- Born: Frank Kittrell Houston July 4, 1881 Woodbury, Cannon County, Tennessee, U.S.
- Died: October 19, 1973 (aged 92) New York City, U.S.
- Education: Vanderbilt University
- Occupation: Banking executive
- Spouse: Florence Houston
- Parent: William C. Houston

= Frank K. Houston =

American banker and philanthropist

Frank K. Houston (July 4, 1881 – October 19, 1973) was an American banker and philanthropist. Born on a Southern plantation in Tennessee, he was a banking executive in Nashville, Tennessee, and St. Louis, Missouri, in the 1900s-1910s. He joined the Chemical Corn Exchange Bank in New York City in 1920, and served as its president from 1935 to 1945, and as its chairman and chief executive officer from 1945 to 1947.

==Early life==
Frank K. Houston was born on July 4, 1881, on his family plantation in Woodbury, Tennessee. His father, William C. Houston, was a Democratic politician. On his paternal side, he was related to Sam Houston.

Houston grew up on the Beaver Dam Plantation. He graduated from Vanderbilt University in 1904. While in college, he served as the president of the Sigma Alpha Epsilon chapter.

==Career==
Houston was elected the secretary of the Tennessee Bankers Association in 1905. Three years later, in 1908, he was elected as the president of the Nashville chapter of the American Institute of Banking.

Houston served as the first assistant cashier of the First National Bank in Nashville, Tennessee, from 1909 to 1912, when he was appointed as the Vice President of Third National Bank in St. Louis, Missouri. In 1920, he was appointed as vice president of the Chemical Corn Exchange Bank in New York City. He served as its president from 1935 to 1945, and as its chairman and chief executive officer from 1945 to 1947.
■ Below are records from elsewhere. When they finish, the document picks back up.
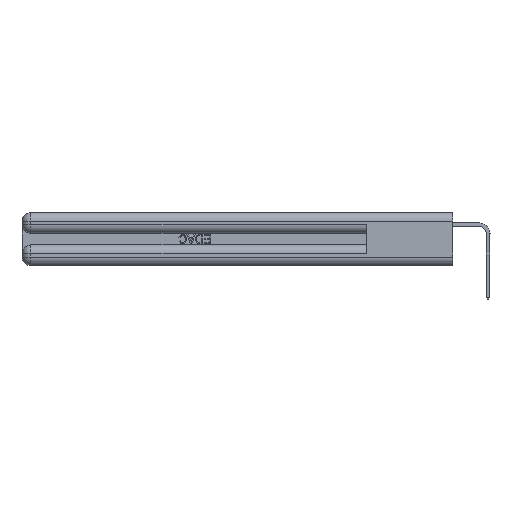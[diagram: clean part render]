
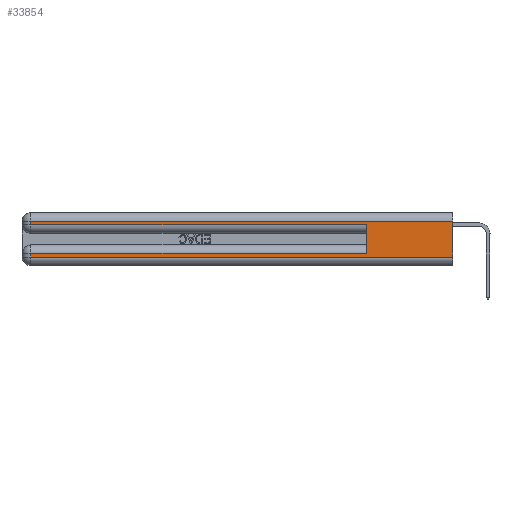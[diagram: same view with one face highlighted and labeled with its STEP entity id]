
A CAD part, left-side view. The second image highlights one B-rep face of the part: STEP entity #33854.
In plain terms, the highlighted planar face has unit normal (-1, 0, 0).
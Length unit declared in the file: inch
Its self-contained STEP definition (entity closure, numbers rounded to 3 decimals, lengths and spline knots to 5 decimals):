
#647 = CARTESIAN_POINT ( 'NONE',  ( 0., 2.94, 0.06 ) ) ;
#1203 = VECTOR ( 'NONE', #46176, 39.37008 ) ;
#1375 = LINE ( 'NONE', #44576, #21953 ) ;
#1840 = CARTESIAN_POINT ( 'NONE',  ( 0., 0., 0.37 ) ) ;
#2063 = DIRECTION ( 'NONE',  ( 0., 1., 0. ) ) ;
#2131 = VECTOR ( 'NONE', #2063, 39.37008 ) ;
#3420 = LINE ( 'NONE', #34818, #2131 ) ;
#4185 = ORIENTED_EDGE ( 'NONE', *, *, #47542, .T. ) ;
#5427 = VERTEX_POINT ( 'NONE', #44395 ) ;
#5435 = ORIENTED_EDGE ( 'NONE', *, *, #9419, .T. ) ;
#6343 = VERTEX_POINT ( 'NONE', #647 ) ;
#6377 = DIRECTION ( 'NONE',  ( 0., 0., -1. ) ) ;
#7185 = VECTOR ( 'NONE', #30003, 39.37008 ) ;
#7709 = VERTEX_POINT ( 'NONE', #50531 ) ;
#9278 = ORIENTED_EDGE ( 'NONE', *, *, #14599, .T. ) ;
#9419 = EDGE_CURVE ( 'NONE', #18451, #51480, #3420, .T. ) ;
#11158 = ORIENTED_EDGE ( 'NONE', *, *, #49461, .F. ) ;
#12013 = CARTESIAN_POINT ( 'NONE',  ( 0., 0., 0.06 ) ) ;
#13622 = CARTESIAN_POINT ( 'NONE',  ( 0., 0.6, 0.145 ) ) ;
#13850 = CARTESIAN_POINT ( 'NONE',  ( 0., 0., 0.37 ) ) ;
#14599 = EDGE_CURVE ( 'NONE', #51480, #41234, #22257, .T. ) ;
#15450 = VERTEX_POINT ( 'NONE', #12013 ) ;
#15940 = VECTOR ( 'NONE', #45161, 39.37008 ) ;
#17632 = VECTOR ( 'NONE', #30352, 39.37008 ) ;
#18015 = PLANE ( 'NONE',  #31569 ) ;
#18451 = VERTEX_POINT ( 'NONE', #50582 ) ;
#19503 = VERTEX_POINT ( 'NONE', #21088 ) ;
#20484 = LINE ( 'NONE', #13622, #1203 ) ;
#20897 = ORIENTED_EDGE ( 'NONE', *, *, #49167, .T. ) ;
#21088 = CARTESIAN_POINT ( 'NONE',  ( 0., 0.6, 0.085 ) ) ;
#21361 = FACE_OUTER_BOUND ( 'NONE', #26794, .T. ) ;
#21622 = CARTESIAN_POINT ( 'NONE',  ( 0., 2.94, 0.285 ) ) ;
#21953 = VECTOR ( 'NONE', #48646, 39.37008 ) ;
#22162 = DIRECTION ( 'NONE',  ( 0., 0., -1. ) ) ;
#22257 = LINE ( 'NONE', #35002, #31824 ) ;
#22374 = VECTOR ( 'NONE', #46745, 39.37008 ) ;
#23634 = LINE ( 'NONE', #1840, #22374 ) ;
#25366 = ORIENTED_EDGE ( 'NONE', *, *, #52158, .T. ) ;
#26794 = EDGE_LOOP ( 'NONE', ( #11158, #5435, #9278, #25366, #27926, #20897, #4185, #31140 ) ) ;
#27747 = LINE ( 'NONE', #38217, #7185 ) ;
#27926 = ORIENTED_EDGE ( 'NONE', *, *, #42814, .F. ) ;
#30003 = DIRECTION ( 'NONE',  ( 0., -1., 0. ) ) ;
#30352 = DIRECTION ( 'NONE',  ( 0., -1., 0. ) ) ;
#31140 = ORIENTED_EDGE ( 'NONE', *, *, #47215, .T. ) ;
#31569 = AXIS2_PLACEMENT_3D ( 'NONE', #13850, #46574, #22162 ) ;
#31824 = VECTOR ( 'NONE', #6377, 39.37008 ) ;
#33854 = ADVANCED_FACE ( 'NONE', ( #21361 ), #18015, .F. ) ;
#34157 = CARTESIAN_POINT ( 'NONE',  ( 0., 2.94, 0.31 ) ) ;
#34818 = CARTESIAN_POINT ( 'NONE',  ( 0., 0., 0.31 ) ) ;
#35002 = CARTESIAN_POINT ( 'NONE',  ( 0., 2.94, 0.37 ) ) ;
#38217 = CARTESIAN_POINT ( 'NONE',  ( 0., 0., 0.06 ) ) ;
#41089 = CARTESIAN_POINT ( 'NONE',  ( 0., 0., 0.085 ) ) ;
#41234 = VERTEX_POINT ( 'NONE', #21622 ) ;
#42814 = EDGE_CURVE ( 'NONE', #19503, #5427, #20484, .T. ) ;
#44395 = CARTESIAN_POINT ( 'NONE',  ( 0., 0.6, 0.285 ) ) ;
#44576 = CARTESIAN_POINT ( 'NONE',  ( 0., 2.94, 0.37 ) ) ;
#45161 = DIRECTION ( 'NONE',  ( 0., 1., 0. ) ) ;
#46176 = DIRECTION ( 'NONE',  ( 0., 0., 1. ) ) ;
#46574 = DIRECTION ( 'NONE',  ( 1., 0., 0. ) ) ;
#46745 = DIRECTION ( 'NONE',  ( 0., 0., -1. ) ) ;
#47215 = EDGE_CURVE ( 'NONE', #6343, #15450, #27747, .T. ) ;
#47542 = EDGE_CURVE ( 'NONE', #7709, #6343, #1375, .T. ) ;
#48531 = LINE ( 'NONE', #41089, #15940 ) ;
#48646 = DIRECTION ( 'NONE',  ( 0., 0., -1. ) ) ;
#49167 = EDGE_CURVE ( 'NONE', #19503, #7709, #48531, .T. ) ;
#49461 = EDGE_CURVE ( 'NONE', #18451, #15450, #23634, .T. ) ;
#50531 = CARTESIAN_POINT ( 'NONE',  ( 0., 2.94, 0.085 ) ) ;
#50582 = CARTESIAN_POINT ( 'NONE',  ( 0., 0., 0.31 ) ) ;
#50803 = CARTESIAN_POINT ( 'NONE',  ( 0., 0., 0.285 ) ) ;
#51414 = LINE ( 'NONE', #50803, #17632 ) ;
#51480 = VERTEX_POINT ( 'NONE', #34157 ) ;
#52158 = EDGE_CURVE ( 'NONE', #41234, #5427, #51414, .T. ) ;

Houston served as the president of Bankers Club of America. He also served on the board of directors of the Waldorf Astoria New York.

==Philanthropy==
Houston served as a member and treasurer of the board of directors of the Thomas Jefferson Foundation, which manages Monticello, Thomas Jefferson's plantation, from 1933 to 1943. He served as its vice president from 1943 to 1944, as its president from 1944 to 1958, and as its chairman from 1958 to 1969. He also served as the chairman of the Cordell Hull Foundation, named for Cordell Hull, who served as the 47th Secretary of State from 1933 to 1944.

Houston served on the Board of Trust of his alma mater, Vanderbilt University. In 1969, Houston made a charitable donation to the Graduate School of Management to endow a professorship in banking.

==Personal life==
Houston had a wife, Florence. They resided at Millan House, a co-op located at 116 East 68th Street in Lenox Hill on the Upper East Side of Manhattan.

==Death==
Houston died at the age of 91 in Roosevelt Hospital, New York City, on October 19, 1973.